Presumably the Chinese spammers stole large numbers of passwords from Hotmail users either via a huge phishing attack, or through a security hole in Hotmail or some other part of the Windows Live service. If it was done via a security hole in Hotmail that the spammers discovered, then that would explain why the spammer's methods only worked for Hotmail accounts, and also why no other spammers have copied their techniques. (A phishing attack, on the other hand, would be easy to modify for other webmail services, and would also be easy for other spammers to emulate, so that's not consistent with the observed evidence so far.) I also found this post from blogger Stuart Shelton describing how his account was hacked by Chinese spammers -- and from the blog post, it's clear that he's very tech-savvy and would have been unlikely to fall for a run-of-the-mill password phish. If the attack happened even to people who know what they're doing, that seems to make the security hole explanation more likely.

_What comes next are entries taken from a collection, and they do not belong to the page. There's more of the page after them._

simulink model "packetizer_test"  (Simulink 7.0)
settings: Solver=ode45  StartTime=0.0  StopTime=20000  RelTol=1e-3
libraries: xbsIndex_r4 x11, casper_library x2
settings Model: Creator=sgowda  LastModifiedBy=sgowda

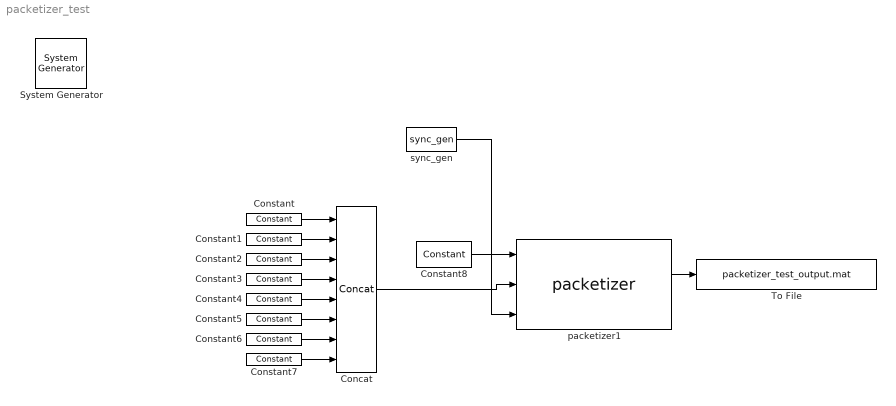
== system packetizer_test ==
  " System Generator" : xbsIndex_r4/ System Generator  Tag=genX  SystemSampleTime=-1  xilinxfamily=Virtex4  part=xc4vsx35  speed=-10  package=ff668  synthesis_tool=XST  clock_wrapper=Clock Enables  directory=./netlist  testbench=off  simulink_period=1  sysclk_period=100  dcm_input_clock_period=100  incr_netlist=off  trim_vbits=Everywhere in SubSystem  dbl_ovrd=According to Block Masks  core_generation=According to Block Masks  run_coregen=off  deprecated_control=off  eval_field=0  block_type=sysgen
      settings: block_version=10.1.3
  Concat : xbsIndex_r4/Concat  num_inputs=8  dbl_ovrd=off  block_type=concat
      settings: block_version=10.1.3
  Constant : xbsIndex_r4/Constant  arith_type=Unsigned  const=1  n_bits=64  bin_pt=0  explicit_period=on  period=1  equ=P=C  opselect=C  inp2=PCIN>>17  opr=+  inp1=P  carry=CIN  dbl_ovrd=off  block_type=constant
  Constant1 : xbsIndex_r4/Constant  arith_type=Unsigned  const=2  n_bits=64  bin_pt=0  explicit_period=on  period=1  equ=P=C  opselect=C  inp2=PCIN>>17  opr=+  inp1=P  carry=CIN  dbl_ovrd=off  block_type=constant
  Constant2 : xbsIndex_r4/Constant  arith_type=Unsigned  const=3  n_bits=64  bin_pt=0  explicit_period=on  period=1  equ=P=C  opselect=C  inp2=PCIN>>17  opr=+  inp1=P  carry=CIN  dbl_ovrd=off  block_type=constant
  Constant3 : xbsIndex_r4/Constant  arith_type=Unsigned  const=4  n_bits=64  bin_pt=0  explicit_period=on  period=1  equ=P=C  opselect=C  inp2=PCIN>>17  opr=+  inp1=P  carry=CIN  dbl_ovrd=off  block_type=constant
  Constant4 : xbsIndex_r4/Constant  arith_type=Unsigned  const=5  n_bits=64  bin_pt=0  explicit_period=on  period=1  equ=P=C  opselect=C  inp2=PCIN>>17  opr=+  inp1=P  carry=CIN  dbl_ovrd=off  block_type=constant
  Constant5 : xbsIndex_r4/Constant  arith_type=Unsigned  const=6  n_bits=64  bin_pt=0  explicit_period=on  period=1  equ=P=C  opselect=C  inp2=PCIN>>17  opr=+  inp1=P  carry=CIN  dbl_ovrd=off  block_type=constant
  Constant6 : xbsIndex_r4/Constant  arith_type=Unsigned  const=7  n_bits=64  bin_pt=0  explicit_period=on  period=1  equ=P=C  opselect=C  inp2=PCIN>>17  opr=+  inp1=P  carry=CIN  dbl_ovrd=off  block_type=constant
  Constant7 : xbsIndex_r4/Constant  arith_type=Unsigned  const=8  n_bits=64  bin_pt=0  explicit_period=on  period=1  equ=P=C  opselect=C  inp2=PCIN>>17  opr=+  inp1=P  carry=CIN  dbl_ovrd=off  block_type=constant
  Constant8 : xbsIndex_r4/Constant  arith_type=Boolean  const=1  n_bits=16  bin_pt=14  explicit_period=on  period=1  equ=P=C  opselect=C  inp2=PCIN>>17  opr=+  inp1=P  carry=CIN  dbl_ovrd=off  block_type=constant
  To File : ToFile  Filename=packetizer_test_output.mat  MatrixName=output
  packetizer1 : casper_library/Flow_Control/packetizer  SystemSampleTime=-1  pin_width=512  sout_width=64  fifo_depth=64  total_words=64
      settings: AttributesFormatString=|
      | Parallel Input Width: 512
      | Serial Output Width: 64
  sync_gen : casper_library/Misc/sync_gen  SystemSampleTime=-1  sim_acc_len=7  fft_size=256  fft_simult_inputs=8  pfb_fir_taps=4  reorder_vec=[5 2 2 2]  scale=1
      link override sync/packetizer_test_sync_gen_sync_user_data_out: arith_type=Unsigned  n_bits=32  bin_pt=0  period=1
      link override sync_period_sel/packetizer_test_sync_gen_sync_period_sel_user_data_out: arith_type=Unsigned  n_bits=32  bin_pt=0  period=1
      link override sync_period_var/packetizer_test_sync_gen_sync_period_var_user_data_out: arith_type=Unsigned  n_bits=32  bin_pt=0  period=1
      settings: AttributesFormatString=sim_sync_period=8960
  wires:
  Constant/1 -> Concat/1
  Constant1/1 -> Concat/2
  Constant2/1 -> Concat/3
  Constant3/1 -> Concat/4
  Constant4/1 -> Concat/5
  Constant5/1 -> Concat/6
  Constant6/1 -> Concat/7
  Constant7/1 -> Concat/8
  Constant8/1 -> packetizer1/1
  Concat/1 -> packetizer1/2
  sync_gen/1 -> packetizer1/3
  packetizer1/2 -> To File/1
simulink model "Battery_Pack_Subsystem"  (R2015a)
settings: Solver=ode45  StartTime=0.0  StopTime=300  RelTol=1e-3
libraries: fl_lib x316, nesl_utility x2
(part 2 of 2)

== system Battery_Pack_Subsystem/Battery Pack/Cell50 ==
  Capacitor : fl_lib/Electrical/Electrical Elements/Capacitor  c=5000 F  r=1e-6 Ohm  g=0 1/Ohm  i_specify=off  i_priority=High  i=0 A  v_specify=off  v_priority=High  v=0 V  vc_specify=off  vc_priority=High  vc=0 V
  DC Voltage Source : fl_lib/Electrical/Electrical Sources/DC Voltage Source  v0=4 V
  Resistor : fl_lib/Electrical/Electrical Elements/Resistor  R=0.005 Ohm  i_specify=off  i_priority=High  i=0 A  v_specify=off  v_priority=High  v=0 V
  Resistor1 : fl_lib/Electrical/Electrical Elements/Resistor  R=0.1 Ohm  i_specify=off  i_priority=High  i=0 A  v_specify=off  v_priority=High  v=0 V
  - : PMIOPort  Port=1  Side=Left
  + : PMIOPort  Port=2  Side=Right
  connections:
  Capacitor/LConn1 -- Resistor/LConn1 -- Resistor1/RConn1
  Resistor/RConn1 -- Capacitor/RConn1 -- +/RConn1
  DC Voltage Source/LConn1 -- Resistor1/LConn1
  -/RConn1 -- DC Voltage Source/RConn1

== system Battery_Pack_Subsystem/Battery Pack/Cell51 ==
  Capacitor : fl_lib/Electrical/Electrical Elements/Capacitor  c=5000 F  r=1e-6 Ohm  g=0 1/Ohm  i_specify=off  i_priority=High  i=0 A  v_specify=off  v_priority=High  v=0 V  vc_specify=off  vc_priority=High  vc=0 V
  DC Voltage Source : fl_lib/Electrical/Electrical Sources/DC Voltage Source  v0=4 V
  Resistor : fl_lib/Electrical/Electrical Elements/Resistor  R=0.005 Ohm  i_specify=off  i_priority=High  i=0 A  v_specify=off  v_priority=High  v=0 V
  Resistor1 : fl_lib/Electrical/Electrical Elements/Resistor  R=0.1 Ohm  i_specify=off  i_priority=High  i=0 A  v_specify=off  v_priority=High  v=0 V
  - : PMIOPort  Port=1  Side=Left
  + : PMIOPort  Port=2  Side=Right
  connections:
  Capacitor/LConn1 -- Resistor/LConn1 -- Resistor1/RConn1
  Resistor/RConn1 -- Capacitor/RConn1 -- +/RConn1
  DC Voltage Source/LConn1 -- Resistor1/LConn1
  -/RConn1 -- DC Voltage Source/RConn1

== system Battery_Pack_Subsystem/Battery Pack/Cell52 ==
  Capacitor : fl_lib/Electrical/Electrical Elements/Capacitor  c=5000 F  r=1e-6 Ohm  g=0 1/Ohm  i_specify=off  i_priority=High  i=0 A  v_specify=off  v_priority=High  v=0 V  vc_specify=off  vc_priority=High  vc=0 V
  DC Voltage Source : fl_lib/Electrical/Electrical Sources/DC Voltage Source  v0=4 V
  Resistor : fl_lib/Electrical/Electrical Elements/Resistor  R=0.005 Ohm  i_specify=off  i_priority=High  i=0 A  v_specify=off  v_priority=High  v=0 V
  Resistor1 : fl_lib/Electrical/Electrical Elements/Resistor  R=0.1 Ohm  i_specify=off  i_priority=High  i=0 A  v_specify=off  v_priority=High  v=0 V
  - : PMIOPort  Port=1  Side=Left
  + : PMIOPort  Port=2  Side=Right
  connections:
  Capacitor/LConn1 -- Resistor/LConn1 -- Resistor1/RConn1
  Resistor/RConn1 -- Capacitor/RConn1 -- +/RConn1
  DC Voltage Source/LConn1 -- Resistor1/LConn1
  -/RConn1 -- DC Voltage Source/RConn1

== system Battery_Pack_Subsystem/Battery Pack/Cell53 ==
  Capacitor : fl_lib/Electrical/Electrical Elements/Capacitor  c=5000 F  r=1e-6 Ohm  g=0 1/Ohm  i_specify=off  i_priority=High  i=0 A  v_specify=off  v_priority=High  v=0 V  vc_specify=off  vc_priority=High  vc=0 V
  DC Voltage Source : fl_lib/Electrical/Electrical Sources/DC Voltage Source  v0=4 V
  Resistor : fl_lib/Electrical/Electrical Elements/Resistor  R=0.005 Ohm  i_specify=off  i_priority=High  i=0 A  v_specify=off  v_priority=High  v=0 V
  Resistor1 : fl_lib/Electrical/Electrical Elements/Resistor  R=0.1 Ohm  i_specify=off  i_priority=High  i=0 A  v_specify=off  v_priority=High  v=0 V
  - : PMIOPort  Port=1  Side=Left
  + : PMIOPort  Port=2  Side=Right
  connections:
  Capacitor/LConn1 -- Resistor/LConn1 -- Resistor1/RConn1
  Resistor/RConn1 -- Capacitor/RConn1 -- +/RConn1
  DC Voltage Source/LConn1 -- Resistor1/LConn1
  -/RConn1 -- DC Voltage Source/RConn1

== system Battery_Pack_Subsystem/Battery Pack/Cell54 ==
  Capacitor : fl_lib/Electrical/Electrical Elements/Capacitor  c=5000 F  r=1e-6 Ohm  g=0 1/Ohm  i_specify=off  i_priority=High  i=0 A  v_specify=off  v_priority=High  v=0 V  vc_specify=off  vc_priority=High  vc=0 V
  DC Voltage Source : fl_lib/Electrical/Electrical Sources/DC Voltage Source  v0=4 V
  Resistor : fl_lib/Electrical/Electrical Elements/Resistor  R=0.005 Ohm  i_specify=off  i_priority=High  i=0 A  v_specify=off  v_priority=High  v=0 V
  Resistor1 : fl_lib/Electrical/Electrical Elements/Resistor  R=0.1 Ohm  i_specify=off  i_priority=High  i=0 A  v_specify=off  v_priority=High  v=0 V
  - : PMIOPort  Port=1  Side=Left
  + : PMIOPort  Port=2  Side=Right
  connections:
  Capacitor/LConn1 -- Resistor/LConn1 -- Resistor1/RConn1
  Resistor/RConn1 -- Capacitor/RConn1 -- +/RConn1
  DC Voltage Source/LConn1 -- Resistor1/LConn1
  -/RConn1 -- DC Voltage Source/RConn1

== system Battery_Pack_Subsystem/Battery Pack/Cell55 ==
  Capacitor : fl_lib/Electrical/Electrical Elements/Capacitor  c=5000 F  r=1e-6 Ohm  g=0 1/Ohm  i_specify=off  i_priority=High  i=0 A  v_specify=off  v_priority=High  v=0 V  vc_specify=off  vc_priority=High  vc=0 V
  DC Voltage Source : fl_lib/Electrical/Electrical Sources/DC Voltage Source  v0=4 V
  Resistor : fl_lib/Electrical/Electrical Elements/Resistor  R=0.005 Ohm  i_specify=off  i_priority=High  i=0 A  v_specify=off  v_priority=High  v=0 V
  Resistor1 : fl_lib/Electrical/Electrical Elements/Resistor  R=0.1 Ohm  i_specify=off  i_priority=High  i=0 A  v_specify=off  v_priority=High  v=0 V
  - : PMIOPort  Port=1  Side=Left
  + : PMIOPort  Port=2  Side=Right
  connections:
  Capacitor/LConn1 -- Resistor/LConn1 -- Resistor1/RConn1
  Resistor/RConn1 -- Capacitor/RConn1 -- +/RConn1
  DC Voltage Source/LConn1 -- Resistor1/LConn1
  -/RConn1 -- DC Voltage Source/RConn1

== system Battery_Pack_Subsystem/Battery Pack/Cell56 ==
  Capacitor : fl_lib/Electrical/Electrical Elements/Capacitor  c=5000 F  r=1e-6 Ohm  g=0 1/Ohm  i_specify=off  i_priority=High  i=0 A  v_specify=off  v_priority=High  v=0 V  vc_specify=off  vc_priority=High  vc=0 V
  DC Voltage Source : fl_lib/Electrical/Electrical Sources/DC Voltage Source  v0=4 V
  Resistor : fl_lib/Electrical/Electrical Elements/Resistor  R=0.005 Ohm  i_specify=off  i_priority=High  i=0 A  v_specify=off  v_priority=High  v=0 V
  Resistor1 : fl_lib/Electrical/Electrical Elements/Resistor  R=0.1 Ohm  i_specify=off  i_priority=High  i=0 A  v_specify=off  v_priority=High  v=0 V
  - : PMIOPort  Port=1  Side=Left
  + : PMIOPort  Port=2  Side=Right
  connections:
  Capacitor/LConn1 -- Resistor/LConn1 -- Resistor1/RConn1
  Resistor/RConn1 -- Capacitor/RConn1 -- +/RConn1
  DC Voltage Source/LConn1 -- Resistor1/LConn1
  -/RConn1 -- DC Voltage Source/RConn1

== system Battery_Pack_Subsystem/Battery Pack/Cell57 ==
  Capacitor : fl_lib/Electrical/Electrical Elements/Capacitor  c=5000 F  r=1e-6 Ohm  g=0 1/Ohm  i_specify=off  i_priority=High  i=0 A  v_specify=off  v_priority=High  v=0 V  vc_specify=off  vc_priority=High  vc=0 V
  DC Voltage Source : fl_lib/Electrical/Electrical Sources/DC Voltage Source  v0=4 V
  Resistor : fl_lib/Electrical/Electrical Elements/Resistor  R=0.005 Ohm  i_specify=off  i_priority=High  i=0 A  v_specify=off  v_priority=High  v=0 V
  Resistor1 : fl_lib/Electrical/Electrical Elements/Resistor  R=0.1 Ohm  i_specify=off  i_priority=High  i=0 A  v_specify=off  v_priority=High  v=0 V
  - : PMIOPort  Port=1  Side=Left
  + : PMIOPort  Port=2  Side=Right
  connections:
  Capacitor/LConn1 -- Resistor/LConn1 -- Resistor1/RConn1
  Resistor/RConn1 -- Capacitor/RConn1 -- +/RConn1
  DC Voltage Source/LConn1 -- Resistor1/LConn1
  -/RConn1 -- DC Voltage Source/RConn1

== system Battery_Pack_Subsystem/Battery Pack/Cell58 ==
  Capacitor : fl_lib/Electrical/Electrical Elements/Capacitor  c=5000 F  r=1e-6 Ohm  g=0 1/Ohm  i_specify=off  i_priority=High  i=0 A  v_specify=off  v_priority=High  v=0 V  vc_specify=off  vc_priority=High  vc=0 V
  DC Voltage Source : fl_lib/Electrical/Electrical Sources/DC Voltage Source  v0=4 V
  Resistor : fl_lib/Electrical/Electrical Elements/Resistor  R=0.005 Ohm  i_specify=off  i_priority=High  i=0 A  v_specify=off  v_priority=High  v=0 V
  Resistor1 : fl_lib/Electrical/Electrical Elements/Resistor  R=0.1 Ohm  i_specify=off  i_priority=High  i=0 A  v_specify=off  v_priority=High  v=0 V
  - : PMIOPort  Port=1  Side=Left
  + : PMIOPort  Port=2  Side=Right
  connections:
  Capacitor/LConn1 -- Resistor/LConn1 -- Resistor1/RConn1
  Resistor/RConn1 -- Capacitor/RConn1 -- +/RConn1
  DC Voltage Source/LConn1 -- Resistor1/LConn1
  -/RConn1 -- DC Voltage Source/RConn1

== system Battery_Pack_Subsystem/Battery Pack/Cell59 ==
  Capacitor : fl_lib/Electrical/Electrical Elements/Capacitor  c=5000 F  r=1e-6 Ohm  g=0 1/Ohm  i_specify=off  i_priority=High  i=0 A  v_specify=off  v_priority=High  v=0 V  vc_specify=off  vc_priority=High  vc=0 V
  DC Voltage Source : fl_lib/Electrical/Electrical Sources/DC Voltage Source  v0=4 V
  Resistor : fl_lib/Electrical/Electrical Elements/Resistor  R=0.005 Ohm  i_specify=off  i_priority=High  i=0 A  v_specify=off  v_priority=High  v=0 V
  Resistor1 : fl_lib/Electrical/Electrical Elements/Resistor  R=0.1 Ohm  i_specify=off  i_priority=High  i=0 A  v_specify=off  v_priority=High  v=0 V
  - : PMIOPort  Port=1  Side=Left
  + : PMIOPort  Port=2  Side=Right
  connections:
  Capacitor/LConn1 -- Resistor/LConn1 -- Resistor1/RConn1
  Resistor/RConn1 -- Capacitor/RConn1 -- +/RConn1
  DC Voltage Source/LConn1 -- Resistor1/LConn1
  -/RConn1 -- DC Voltage Source/RConn1

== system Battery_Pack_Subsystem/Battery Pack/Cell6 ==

Perhaps others can come up with some theories about what happened. It's easy to come up with guesses, but the hard part is to reconcile them with the fact that it has only affected Hotmail users so far, and no other spammer seems to have figured out how to copy the same technique yet.

But there's a much simpler question too: Why doesn't Microsoft just turn off the auto-replies for these users' accounts? They can query to see exactly which users have these messages in their auto-replies, and then un-set the auto-reply automatically. Yes, I know that even for a simple database operation like that, there's always more to it when you're managing hundreds of millions of accounts across multiple servers -- but if it will stop this one sender from sending between 50 million and 500 million spams (that in many cases will bypass people's spam filters) from Hotmail's servers in the coming year, isn't it probably worth it?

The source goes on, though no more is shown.